Exercise prompt:
In the records below, begin at the line containing "-1) x (-1, 0, 0)" and end at the line containing "normal blind 12"; quote every line in that span exactly, including both boundary lines, and no others.

********************

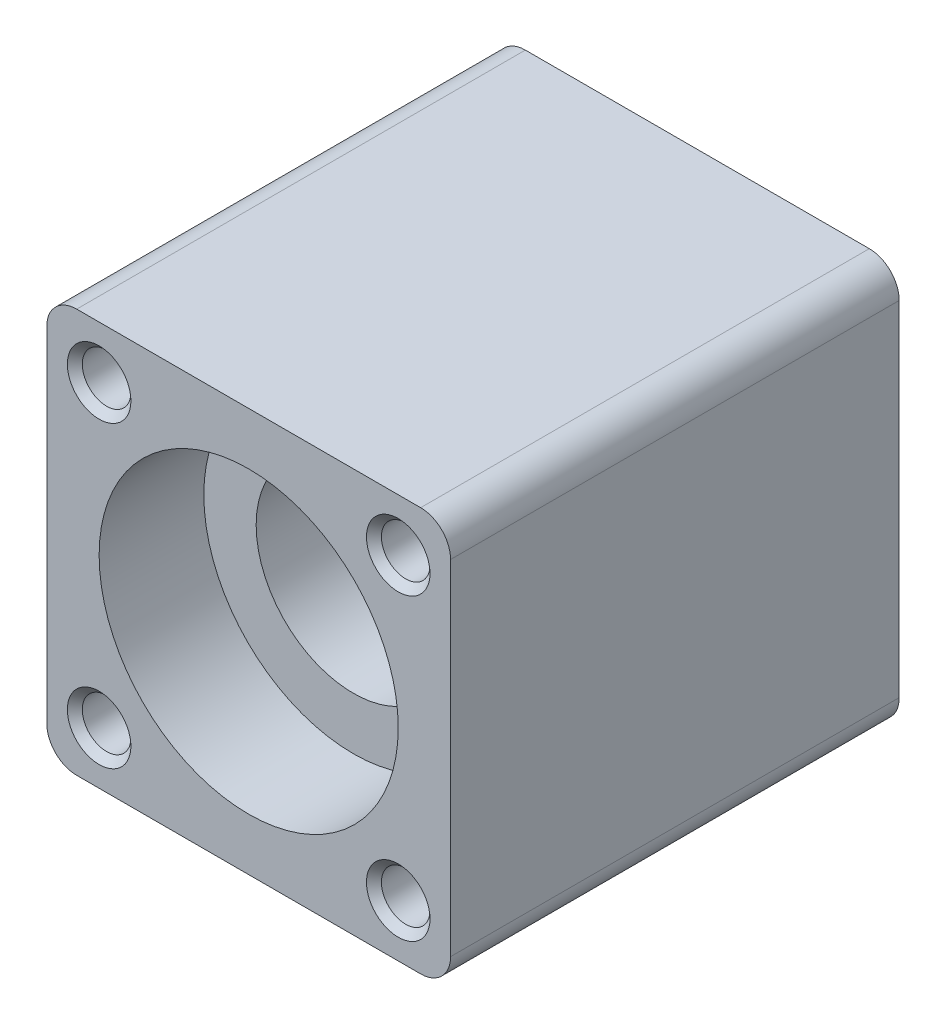
SolidWorks part; units mm, degrees
ref_plane "Alzado" through (0, 0, 0) normal (0, 0, 1) x (1, 0, 0)
ref_plane "Planta" through (0, 0, 0) normal (0, 1, 0) x (1, 0, 0)
ref_plane "Vista lateral" through (0, 0, 0) normal (1, 0, 0) x (0, 0, -1)
sketch "Croquis1" plane through (0, 0, 0) normal (0, 0, 1) x (1, 0, 0)
  line L1 (-27, 27) -> (27, 27)
  line L2 (-27, 27) -> (-27, -27)
  line L3 (-27, -27) -> (27, -27)
  line L4 (27, 27) -> (27, -27)
  line L5 (-27, 27) -> (27, -27) construction
  line L6 (-27, -27) -> (27, 27) construction
  point P0 (0, 0)
  dimension "D1" = 54
  dimension "D2" = 54
extrude "Saliente-Extruir1" add sketch "Croquis1" along normal blind 60
sketch "Croquis2" plane through (0, 0, 60) normal (0, 0, 1) x (1, 0, 0)
  circle A0 centre (0, 0) radius 13
  dimension "D1" = 26
extrude "Cortar-Extruir1" cut sketch "Croquis2" against normal through all
sketch "Croquis3" plane through (0, 0, 60) normal (0, 0, 1) x (1, 0, 0)
  circle A0 centre (0, 0) radius 20
  dimension "D1" = 40
extrude "Cortar-Extruir2" cut sketch "Croquis3" against normal blind 14
sketch "Croquis4" plane through (0, 0, 0) normal (0, 0, -1) x (-1, 0, 0)
  circle A0 centre (0, 0) radius 20
  dimension "D1" = 40
extrude "Cortar-Extruir3" cut sketch "Croquis4" against normal blind 12
sketch "Croquis5" plane through (0, 0, 60) normal (0, 0, 1) x (1, 0, 0)
  line L0 (27, -27) -> (27, 27) construction
  line L1 (27, 27) -> (-27, 27) construction
  circle A0 centre (20, 20) radius 3.25
  circle A1 centre (20, -20) radius 3.25
  circle A2 centre (-20, -20) radius 3.25
  circle A3 centre (-20, 20) radius 3.25
  point P15 (0, 0)
  dimension "D1" = 6.5
  dimension "D2" = 7
  dimension "D3" = 7
  dimension "D4" = 4
extrude "Cortar-Extruir4" cut sketch "Croquis5" against normal through all
fillet "Redondeo1" radius 4 4 edges at (-27, -27, 30) (27, -27, 30) (27, 27, 30) (-27, 27, 30)
chamfer "Chaflán1" distance 1 angle 45 4 edges at (-16.75, -20, 60) (23.25, -20, 60) (23.25, 20, 60) (-16.75, 20, 60)

********************

Solution to this problem:
sketch "Croquis4" plane through (0, 0, 0) normal (0, 0, -1) x (-1, 0, 0)
  circle A0 centre (0, 0) radius 20
  dimension "D1" = 40
extrude "Cortar-Extruir3" cut sketch "Croquis4" against normal blind 12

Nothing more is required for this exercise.